Diante disso, a valoração das causas e as próprias fontes
materiais do direito podem ser feitas pela razoabilidade.
Uma relação adequada entre o critério de diferenciação
escolhido e a medida adotada pelo legislador pode ser evocado pela razoabilidade
que, neste caso, seria vista como
igualdade ou, mas especificamente, como medida de diferenciação de tratamento
dado pela lei a certas situações particulares. O postulado funciona como
parâmetro para aferição da violação à igualdade ou justiça formal, compreendendo
a seleção dos fatores que devem ser considerados relevantes para um tratamento
jurídico especial.
Pode-se buscar na razoabilidade fundamento para uma
justificabilidade axiológica da decisão jurídica. Se fosse esse o caso, a
razoabilidade pode estabelecer ligações entre direito e justiça exigindo do
direito positivamente válido um mínimo de substância moral.

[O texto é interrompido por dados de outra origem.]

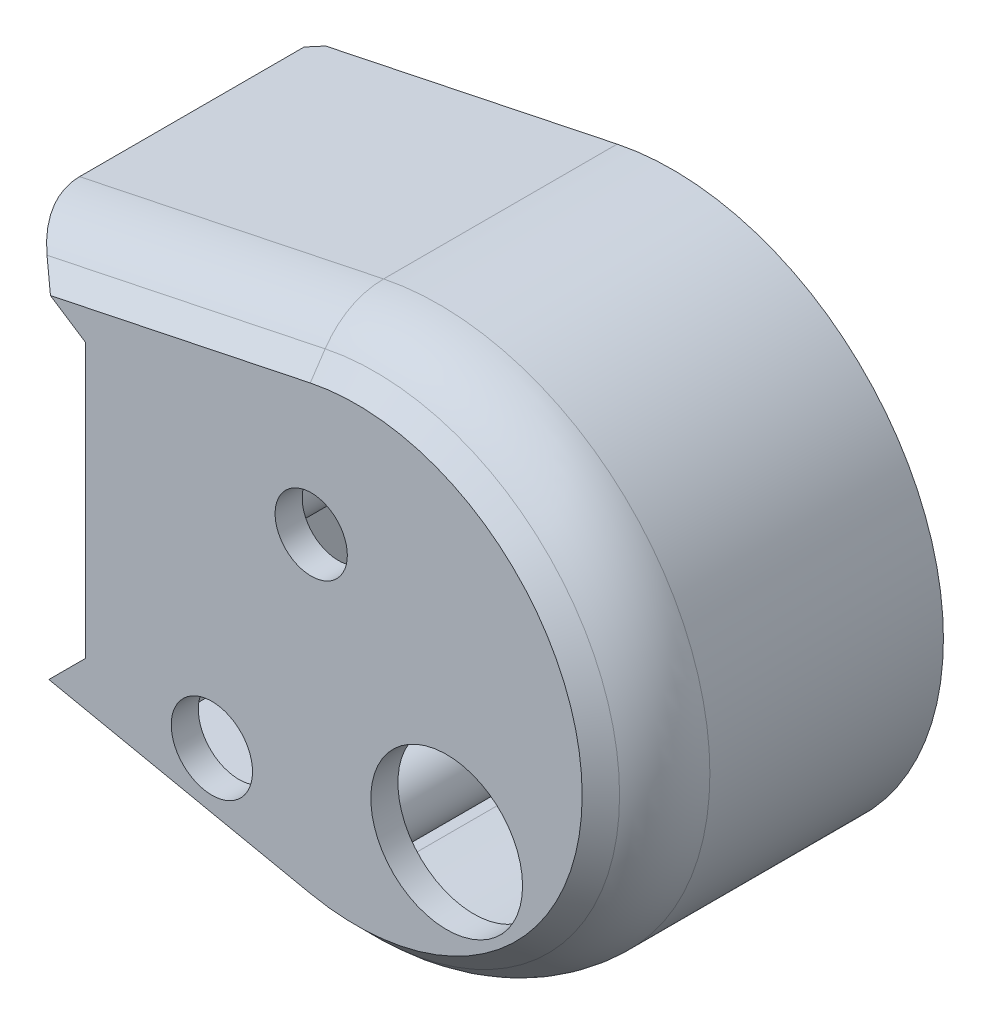
SolidWorks part; units mm, degrees
ref_plane "Alzado" through (0, 0, 0) normal (0, 0, 1) x (1, 0, 0)
ref_plane "Planta" through (0, 0, 0) normal (0, 1, 0) x (1, 0, 0)
ref_plane "Vista lateral" through (0, 0, 0) normal (1, 0, 0) x (0, 0, -1)
sketch "Croquis13" plane through (0, 0, 0) normal (0, 0, 1) x (1, 0, 0)
  line L0 (-6.1264, 29.3678) -> (-39.7893, 22.3453)
  line L1 (-39.7893, 22.3453) -> (-30, 15.9354)
  line L2 (-30, 15.9354) -> (-30, -14.3875)
  line L3 (-30, -14.3875) -> (-38.274, -22.6615)
  line L4 (-38.274, -22.6615) -> (-6.1264, -29.3678)
  arc A0 (-6.1264, -29.3678) -> (-6.1264, 29.3678) centre (0, 0) ccw
  circle A1 centre (-16, -16) radius 2.25 construction
  circle A2 centre (10, -12) radius 8.15 construction
  circle A3 centre (-5, 10) radius 7.9 construction
  circle A4 centre (-16, -16) radius 4.5
  circle A5 centre (10, -12) radius 8.4
  circle A6 centre (-5, 10) radius 4
  point P14 (0, 0)
  dimension "D1" = 30
  dimension "D2" = 8
  dimension "D3" = 16.8
  dimension "D4" = 9
extrude "Saliente-Extruir5" add sketch "Croquis13" against normal blind 35
sketch "Croquis14" plane through (0, 0, -35) normal (0, 0, -1) x (-1, 0, 0)
  line L6 (37.7634, -20.2141) -> (5.6159, -26.9205)
  line L7 (5.6159, 26.9205) -> (39.2787, 19.898)
  line L8 (27.5, -22.3552) -> (5.6159, -26.9205)
  line L9 (5.6159, 26.9205) -> (27.5, 22.3552)
  line L15 (27.5, -22.3552) -> (27.5, 22.3552)
  line L16 (30, 15.9354) -> (30, -14.3875) construction
  arc A3 (5.6159, 26.9205) -> (5.6159, -26.9205) centre (0, 0) ccw
  arc A4 (5.6159, 26.9205) -> (5.6159, -26.9205) centre (0, 0) ccw
  dimension "D2" = 2.5
  dimension "D1" = 2.5
extrude "Cortar-Extruir7" cut sketch "Croquis14" against normal offset from surface (32 mm away) 3 up to face at (-1, 10, 0)
chamfer "Chaflán6" distance 5 angle 45 3 edges at (-22.9579, 25.8566, 0) (30, 0, 0) (-22.2002, -26.0146, 0)
chamfer "Chaflán7" distance 2 angle 45 3 edges at (-16.558, 24.6378, -3) (-16.558, -24.6378, -3) (27.5, 0, -3)
sketch "Croquis15" plane through (0, 0, -3) normal (0, 0, -1) x (-1, 0, 0)
  circle A0 centre (0, 0) radius 22.5 construction
  circle A1 centre (22.5, 0) radius 4
  circle A2 centre (22.5, 0) radius 1.25
  circle A3 centre (6.9529, -21.3988) radius 1.25
  circle A4 centre (6.9529, -21.3988) radius 4
  circle A5 centre (-18.2029, -13.2252) radius 1.25 construction
  circle A6 centre (-18.2029, -13.2252) radius 4 construction
  circle A7 centre (-18.2029, 13.2252) radius 1.25
  circle A8 centre (-18.2029, 13.2252) radius 4
  circle A9 centre (6.9529, 21.3988) radius 1.25 construction
  circle A10 centre (6.9529, 21.3988) radius 4 construction
  dimension "D1" = 2.5
  dimension "D2" = 8
  dimension "D3" = 45
  dimension "D4" = 5
extrude "Saliente-Extruir9" add sketch "Croquis15" along normal up to surface (32 mm away) up to face at (-8.279, 0, -35)
chamfer "Chaflán8" distance 0.8 angle 45 3 edges at (19.4529, 13.2252, -35) (-21.25, 0, -35) (-5.7029, -21.3988, -35)
fillet "Redondeo1" radius 10 3 edges at (-22.2002, -26.0146, -5) (30, 0, -5) (-22.9579, 25.8566, -5)
chamfer "Chaflán9" distance 1 angle 45 3 edges at (-34.8946, 19.1404, -35) (-34.137, -18.5245, -35) (-30, 0.774, -35)
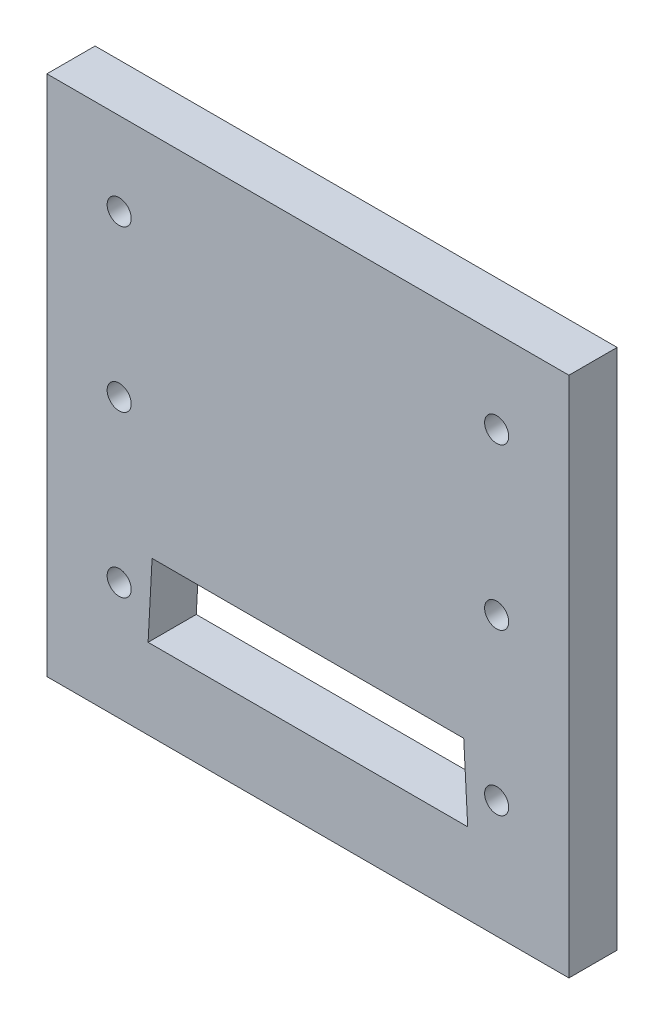
SolidWorks part; units mm, degrees
ref_plane "Front Plane" through (0, 0, 0) normal (0, 0, 1) x (1, 0, 0)
ref_plane "Top Plane" through (0, 0, 0) normal (0, 1, 0) x (1, 0, 0)
ref_plane "Right Plane" through (0, 0, 0) normal (1, 0, 0) x (0, 0, -1)
sketch "Sketch1" plane through (0, 0, 0) normal (0, 0, 1) x (1, 0, 0)
  line L0 (19.9, 0) -> (19.9, 20.7114) construction
  line L1 (0, 0) -> (39.8, 0)
  line L2 (0, 0) -> (0.5, 9.3)
  line L3 (0.5, 9.3) -> (39.3, 9.3)
  line L4 (39.8, 0) -> (39.3, 9.3)
  line L5 (-3.6, 4.65) -> (43.4, 4.65) construction
  line L6 (-12.6, 55) -> (52.4, 55)
  line L7 (-12.6, 55) -> (-12.6, -10)
  line L8 (-12.6, -10) -> (52.4, -10)
  line L9 (52.4, 55) -> (52.4, -10)
  circle A0 centre (-3.6, 4.65) radius 1.5
  circle A1 centre (43.4, 4.65) radius 1.5
  circle A2 centre (-3.6, 24.65) radius 1.5
  circle A3 centre (43.4, 24.65) radius 1.5
  circle A4 centre (-3.6, 44.65) radius 1.5
  circle A5 centre (43.4, 44.65) radius 1.5
  point P7 (19.9, 9.3)
  point P16 (19.9, 4.65)
  point P17 (19.9, 55)
  point P28 (-2.3585, 34.8779)
  dimension "D4" = 3
  dimension "D7" = 4.65
  dimension "D1" = 38.8
  dimension "D2" = 39.8
  dimension "D3" = 9.3
  dimension "D5" = 65
  dimension "D6" = 47
  dimension "D8" = 65
  dimension "D9" = 3
  dimension "D10" = 20
  dimension "D11" = 23.5
  dimension "D12" = 10
extrude "Boss-Extrude1" add sketch "Sketch1" along normal blind 6

A razoabilidade como aceitabilidade racional seria uma
propriedade final do processo de justificação jurídica, vinculando-se à concepção
habermasiana de racionalidade comunicativa como forma de racionalidade prática.
O problema central desta concepção é justamente a aceitabilidade racional das
decisões jurídicas concretas, que abarca uma série de requisitos de caráter
ideal. O principal deles é a idéia de certeza jurídica que é um dos fins que a
argumentação jurídica busca alcançar, abarcando dois elementos: i) a exigência
de que a arbitrariedade seja evitada (que se liga à previsibilidade dos
comportamentos exigidos dos sujeitos de direito em geral e é alcançada se a
decisão se mantém no quadro do ordenamento jurídico vigente); ii) a exigência
de que a decisão seja apropriada.
A aceitabilidade racional compreenderia, além de uma
racionalidade procedimental, uma aceitabilidade axiológica, que demanda a
legitimidade da decisão (ou do resultado da interpretação). A razoabilidade
compreenderia a combinação de elementos de justificação, que são argumentos
jurídicos, empíricos e morais.
Robert Alexy assume postura polêmica ao lecionar que o conflito
entre justiça e segurança jurídica pode ser resolvido no sentido de que o
direito positivo, estabelecido por promulgação e força, tem prioridade mesmo
quando seu conteúdo é impróprio ou injusto. Somente quando a contradição entre
o direito positivo e a justiça atinge um nível intolerável é que o direito deve
ser concebido como “falso direito” para a justiça.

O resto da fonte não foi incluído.